An MPI_Abort in the file means the model failed. This is usually due to an instability which occurs occasionally in this version of the model at high resolution.

To see which component has caused the error:

NEMO errors appear in work/<cycle>/coupled/ocean.output
UM errors appear in work/<cycle>/coupled/pe_output/1.<suite-id>.fort6.pe0000
CICE errors appear in the job.out

See below for instructions on getting past these instabilities. If these solutions do not work, you will need to go back and apply the remedies to the previous cycle, also documented below.

Any interventions need to be documented in the suite page.

NEMO instability

Instabilities in the ocean will appear as:

 stpctl: the zonal velocity is larger than 20 m/s
  ====== 
 kt= 87159 max abs(U):  6.0407E+07, i j k:  2914 3389    8

...

  ===>>> : E R R O R
         ===========

 MPPSTOP
 NEMO abort from dia_wri_state

Re-run the cycle with a reduced timestep in the ocean.

In rose-suite.conf change the following:

CLOCK=10,0,0
UM_OPT_KEYS='... orca12_config_2min_1m'

Then cylc vr and re-triggger the failed task
Pause the coupled task in the next cycle.

Once the failed task completes successfully, revert back to the original settings:

In rose-suite.conf:

CLOCK=4,0,0
UM_OPT_KEYS='... orca12_config_5min_1m'

Then cylc vr again, and re-triggger the paused task

UM instability

Atmosphere instabilities usually appear as:

Error message: North/South halos too small for advection

Perturb the atmos dump:

Copy the script /work/n02/n02/annette/scripts/perturb/submit_perturb.slurm
Edit the month and suite-id, then submit with sbatch.

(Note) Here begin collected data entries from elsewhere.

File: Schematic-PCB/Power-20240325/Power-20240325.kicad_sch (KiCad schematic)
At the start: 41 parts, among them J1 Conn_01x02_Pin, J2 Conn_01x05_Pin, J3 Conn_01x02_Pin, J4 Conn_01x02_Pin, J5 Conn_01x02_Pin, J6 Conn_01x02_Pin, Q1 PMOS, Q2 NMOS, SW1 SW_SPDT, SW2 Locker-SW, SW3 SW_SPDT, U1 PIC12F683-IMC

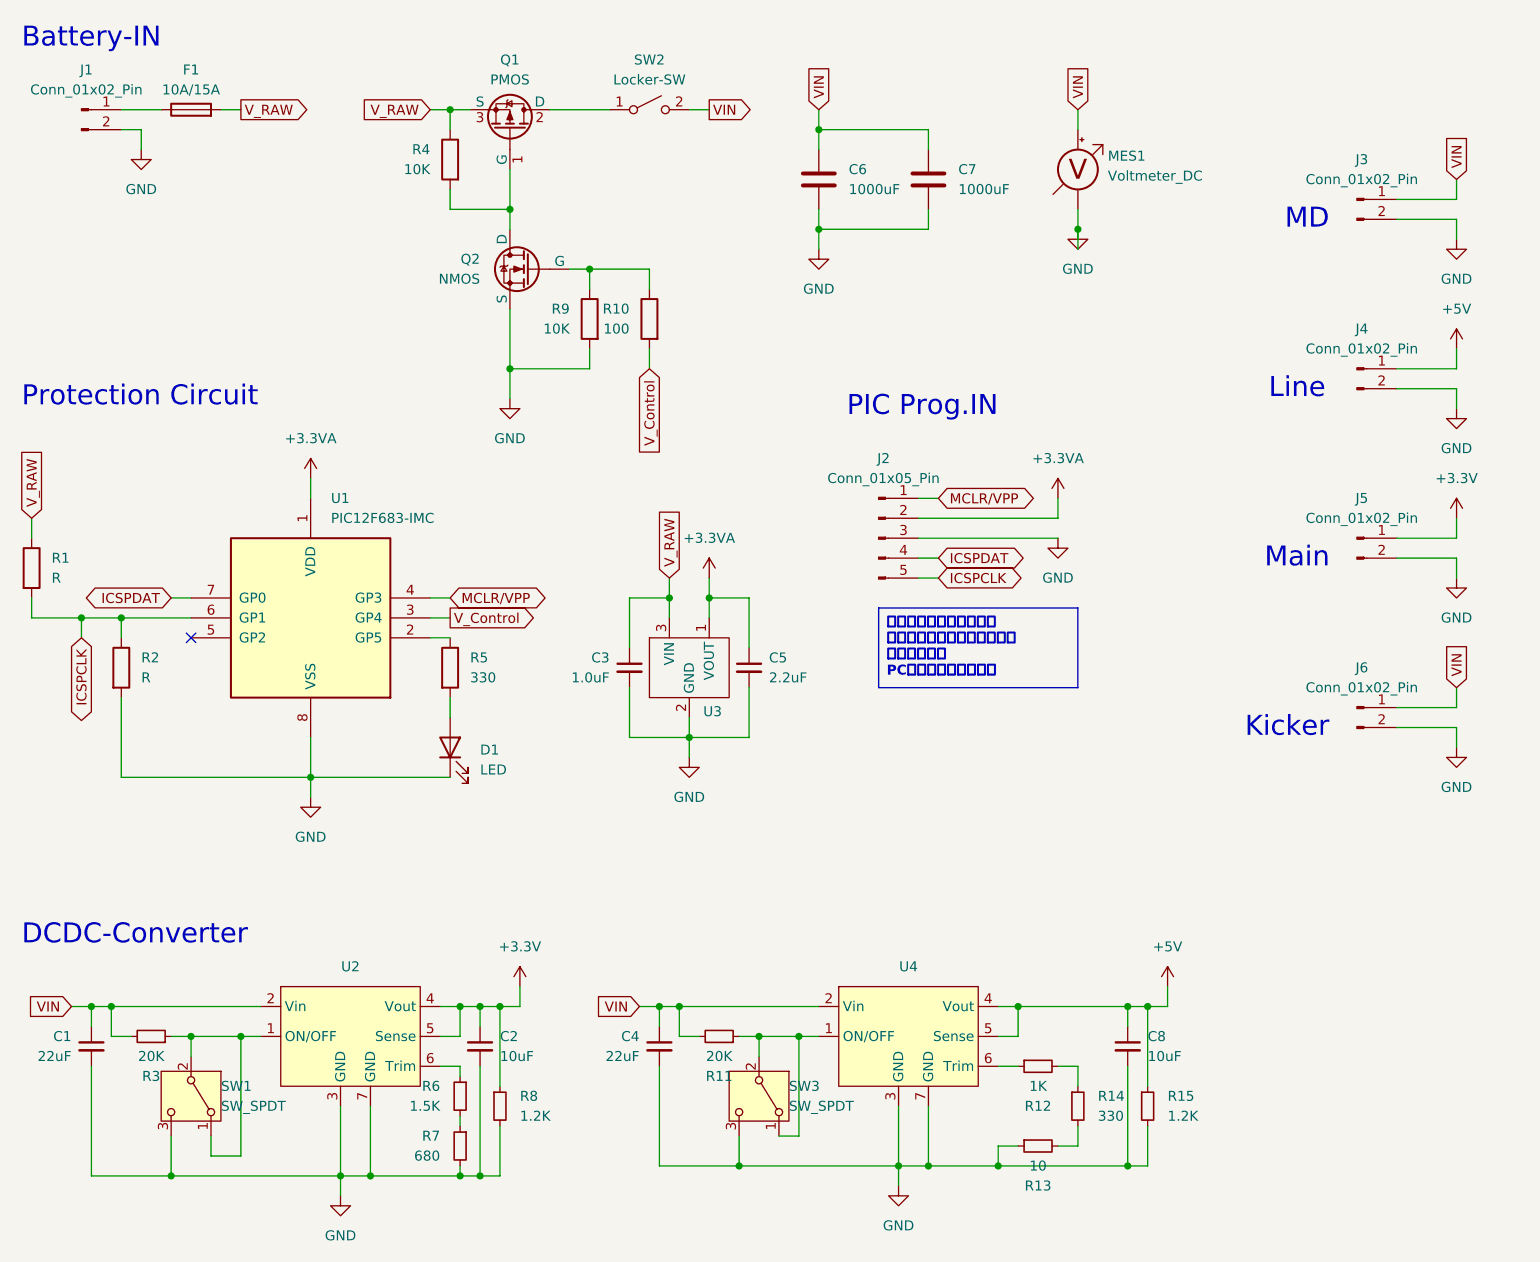
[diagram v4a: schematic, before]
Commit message: 電源基板PCB仮完成
DRをお願いします。
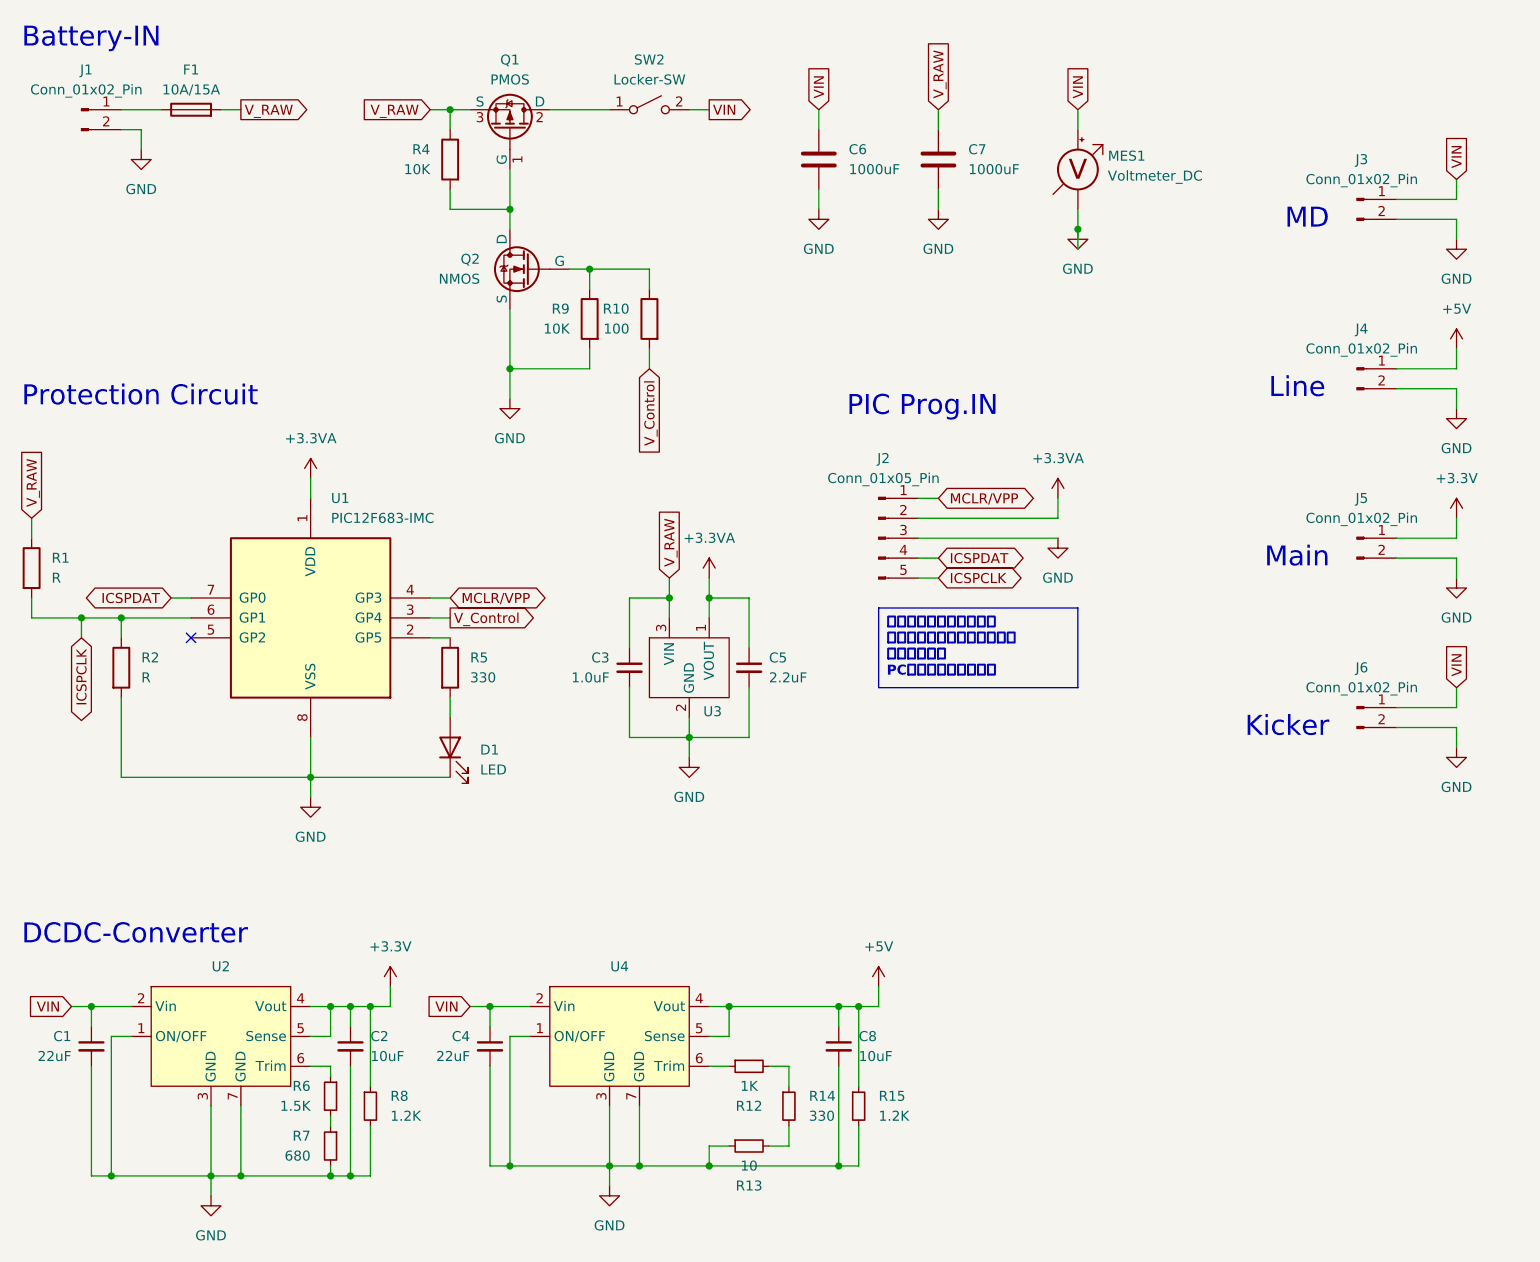
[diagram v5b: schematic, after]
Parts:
- removed R11, R3: 20K, Resistor_SMD:R_0603_1608Metric, symbol Device:R_Small
- removed SW1, SW3: SW_SPDT, @2024-Power:SS12D01G4, symbol Switch:SW_SPDT
- D1: footprint LED_SMD:LED_0805_2012Metric -> LED_THT:LED_D3.0mm
- J3: footprint (none) -> @2024-Power:XT30PW-M
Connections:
- net GND: now also U2.1 (ON/OFF), U4.1 (ON/OFF)
- net VIN: no longer C7.1
- net V_RAW: now also C7.1
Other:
- moved on the sheet: C2, C4, C6, C7, C8, R12, R13, R14, R15, R6, R7, R8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

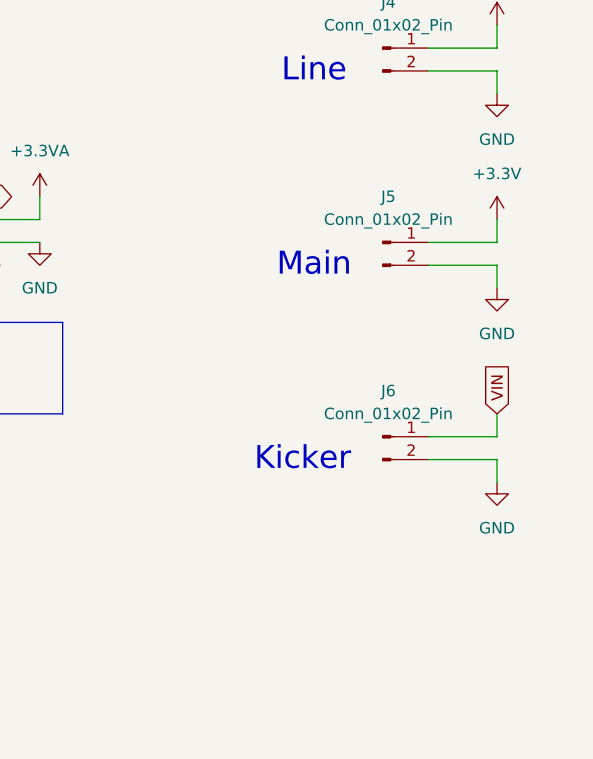
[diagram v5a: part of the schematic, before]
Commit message: 電源基板の回路図/PCBデザインを更新しました。
メイン基板への供給ラインを増やしました。
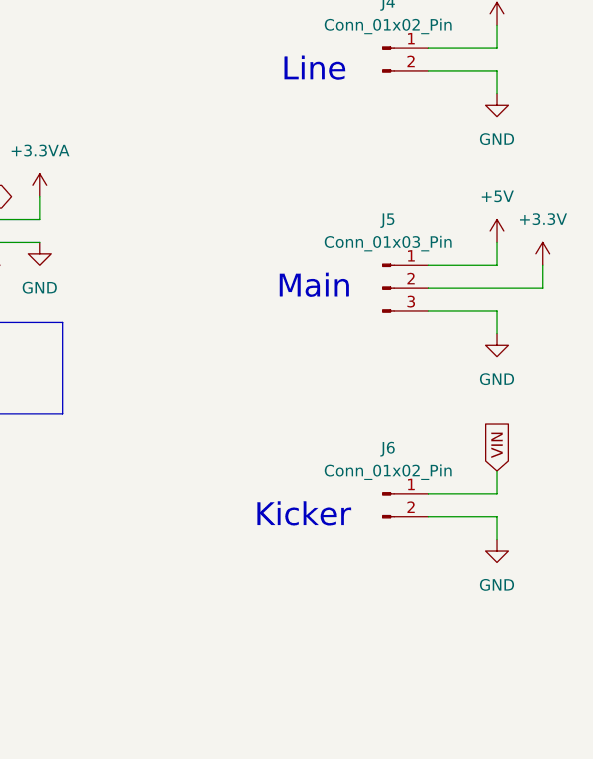
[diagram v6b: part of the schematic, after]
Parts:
- removed J5: Conn_01x02_Pin, Connector_JST:JST_XH_B2B-XH-A_1x02_P2.50mm_Vertical, symbol Connector:Conn_01x02_Pin
- added J5: Conn_01x03_Pin, Connector_JST:JST_XH_B3B-XH-A_1x03_P2.50mm_Vertical, symbol Connector:Conn_01x03_Pin
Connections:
- net +3.3V: now also J5.2 (Pin_2)
- net +5V: now also J5.1 (Pin_1)
- net GND: now also J5.3 (Pin_3)
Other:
- moved on the sheet: J6

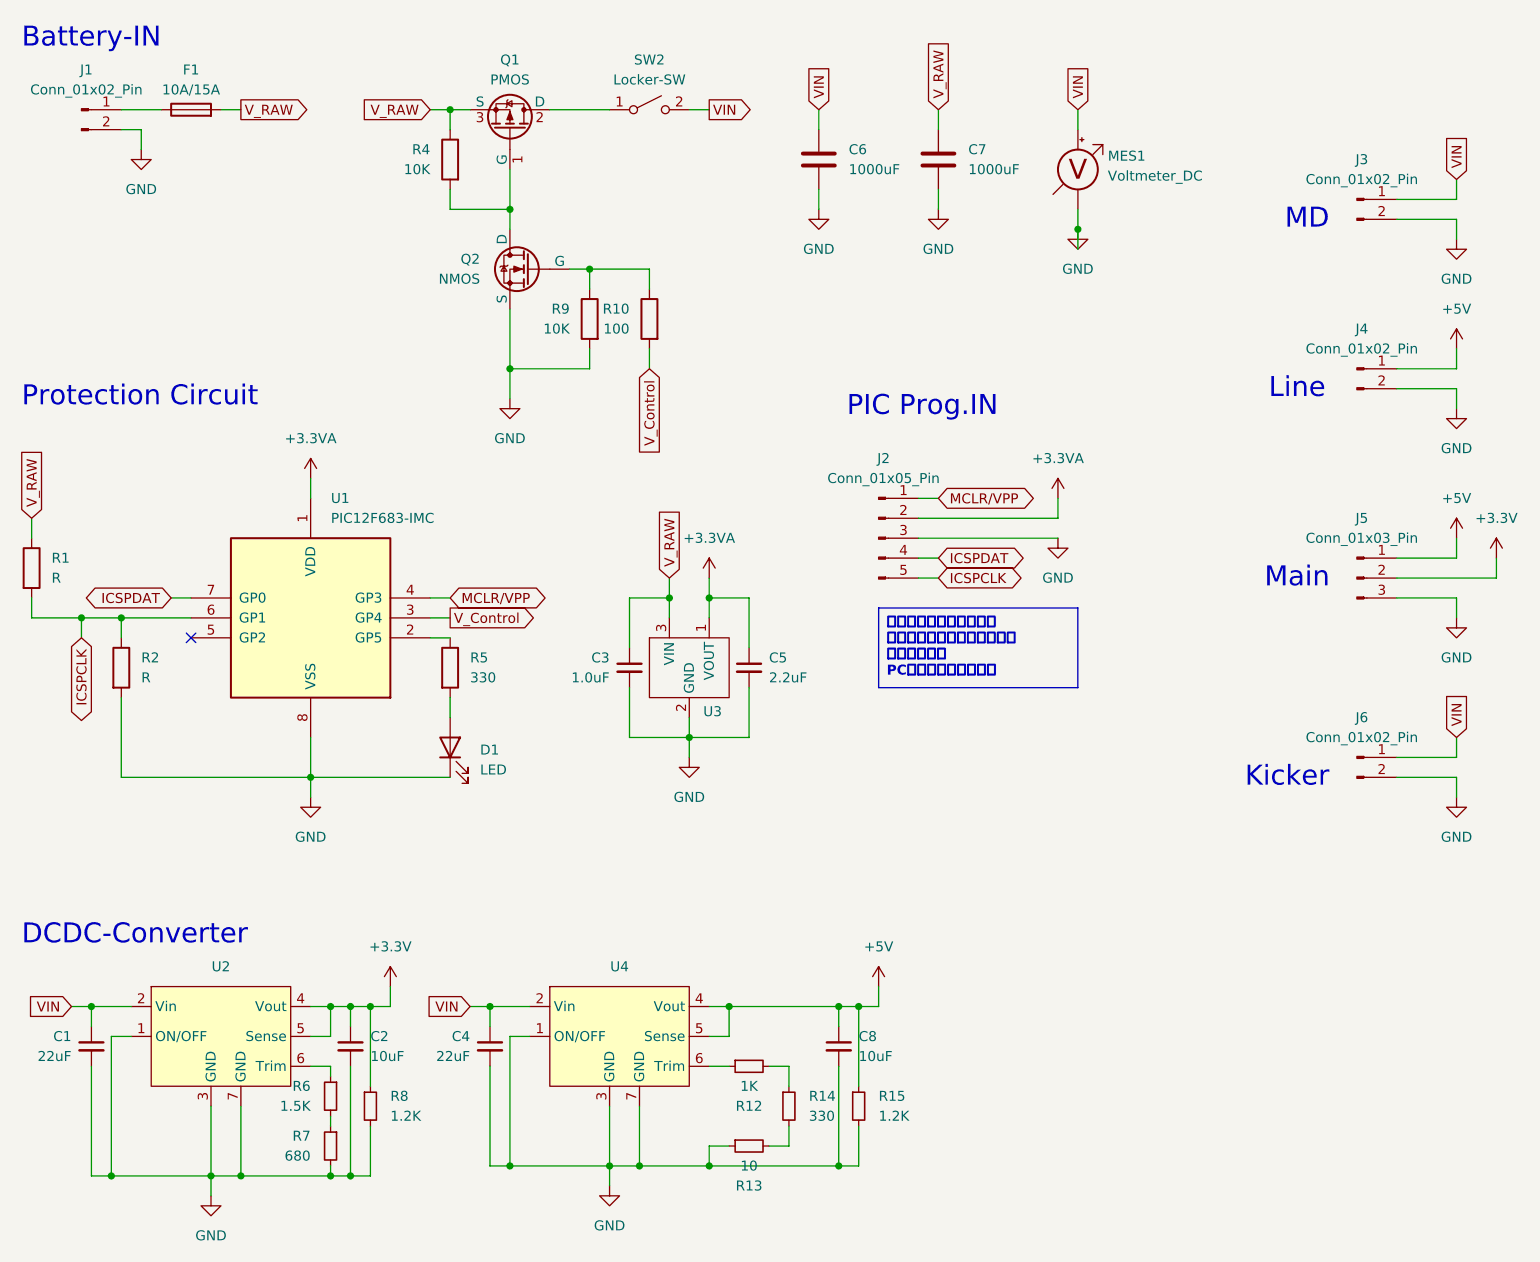
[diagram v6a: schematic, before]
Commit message: キッカーの回路図を更新
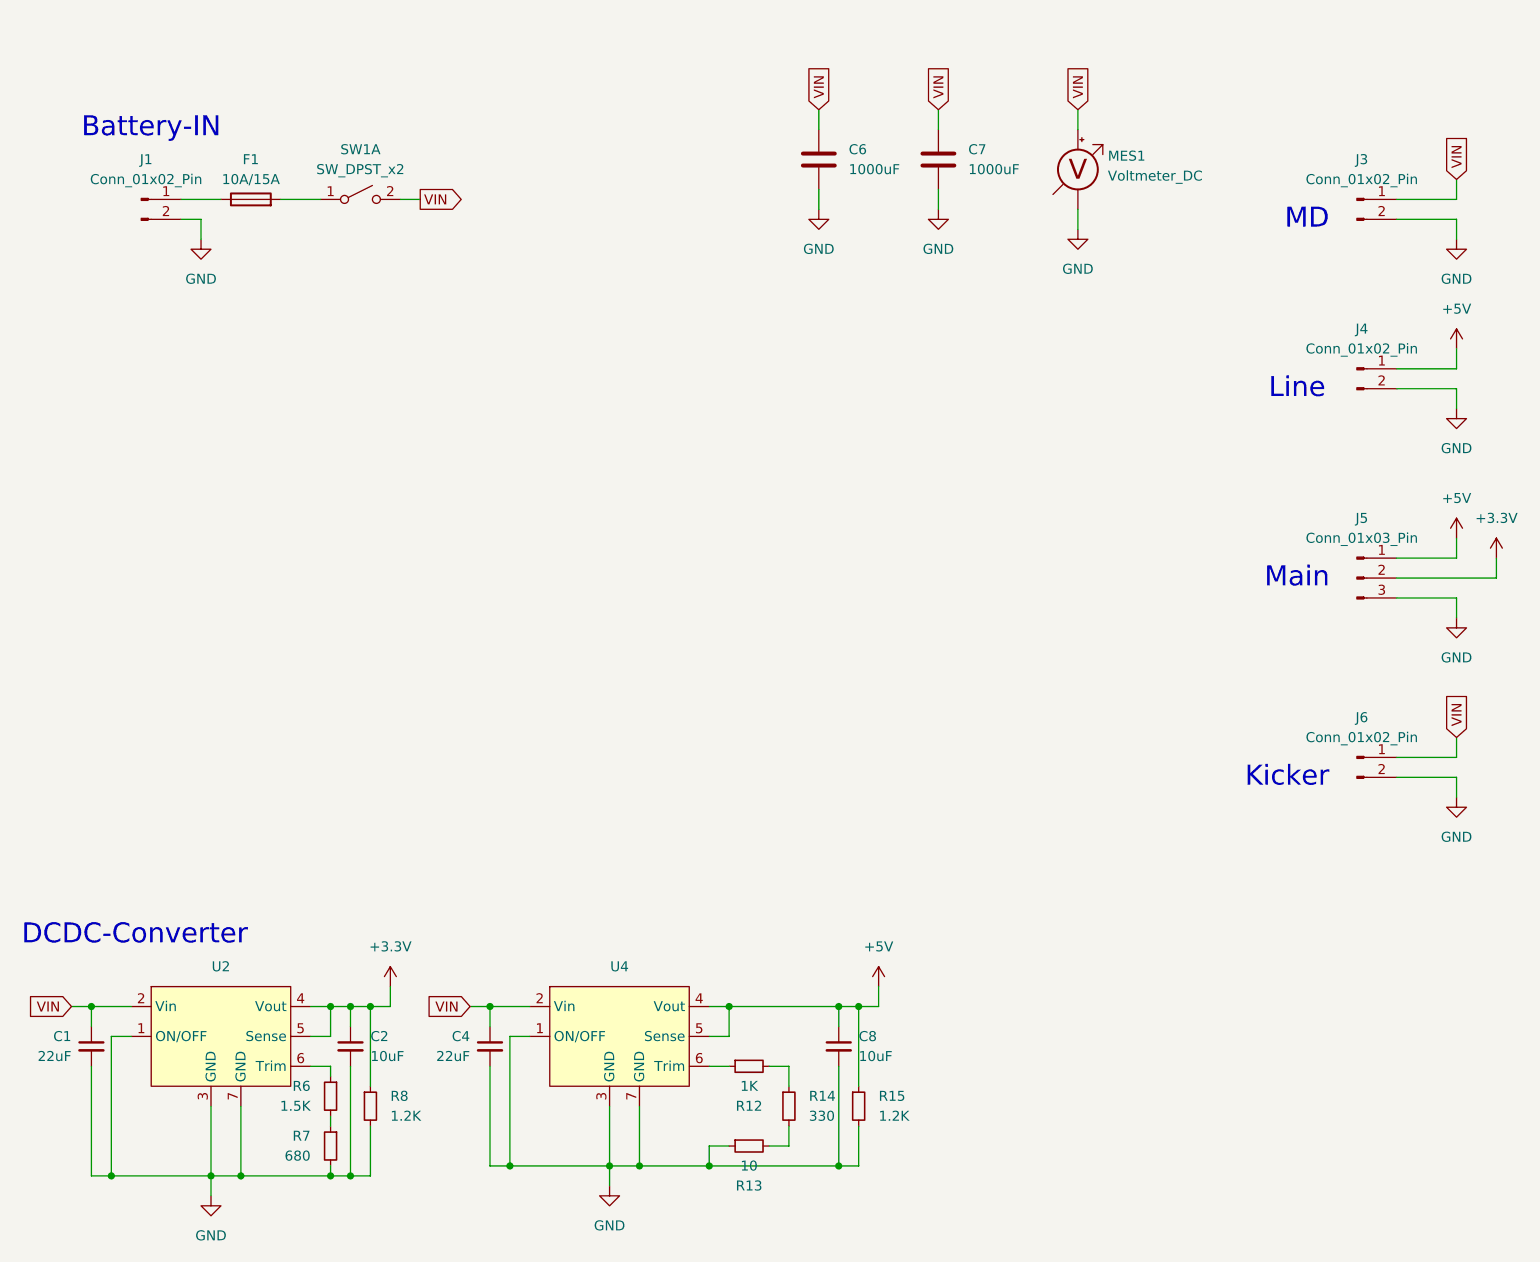
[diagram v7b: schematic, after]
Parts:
- removed C3: 1.0uF, Capacitor_SMD:C_0603_1608Metric, symbol Device:C_Small
- removed C5: 2.2uF, Capacitor_SMD:C_0603_1608Metric, symbol Device:C_Small
- removed D1: LED, LED_THT:LED_D3.0mm, symbol Device:LED
- removed J2: Conn_01x05_Pin, Connector_PinSocket_2.54mm:PinSocket_1x05_P2.54mm_Vertical, symbol Connector:Conn_01x05_Pin
- removed Q1: PMOS, Package_TO_SOT_SMD:TO-252-2, symbol Simulation_SPICE:PMOS
- removed Q2: NMOS, Package_TO_SOT_SMD:SOT-23, symbol @2023_KickerAdjust:NMOS
- removed R1, R2: R, Resistor_THT:R_Axial_DIN0207_L6.3mm_D2.5mm_P7.62mm_Horizontal, symbol Device:R
- removed R10: 100, Resistor_SMD:R_0603_1608Metric, symbol Device:R
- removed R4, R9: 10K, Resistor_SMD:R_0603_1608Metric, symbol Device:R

The script leaves a copy of the original and perturbed dumps as .orig and .perturb It also sets PYTHONHASHSEED=0 to create a deterministic perturbation.

Once the script has completed and generated a new dump, re-trigger the failed task.

CICE instability

CICE instabilities appear as:

ABORT: Global i and j: 3347,  3604
ABORT:  Lat, Lon: 83.826494669668421,  73.000001621592844
ABORT: aice: 0.9873568057277784
...
About to call abort ice with: Vertical thermo error
ice: Vertical thermo error

In this case, reduce the ocean timestep (see above).

Re-running the previous cycle

To re-run the previous cycle, you can just re-trigger the tasks, and the coupled model drivers will make sure the correct restart files are in place.

If you have changed the model timestep, you will need to re-run all of the tasks including post-processing and archiving to make sure the new data is saved. The workflow should be set up such that data will not have gone to Jasmin tape, but if it has you will need to delete it.

From Cylc 8.6 onwards, the easiest way to re-run the cycle is to trigger all the tasks in one command, and Cylc will ensure they run in order, for example:

cylc trigger u-dp361 //20310801T0000Z/*

Note: This will also trigger the jdma task so hold it manually.

Important: Make sure any earlier cycles have caught up, otherwise tasks may run out of order.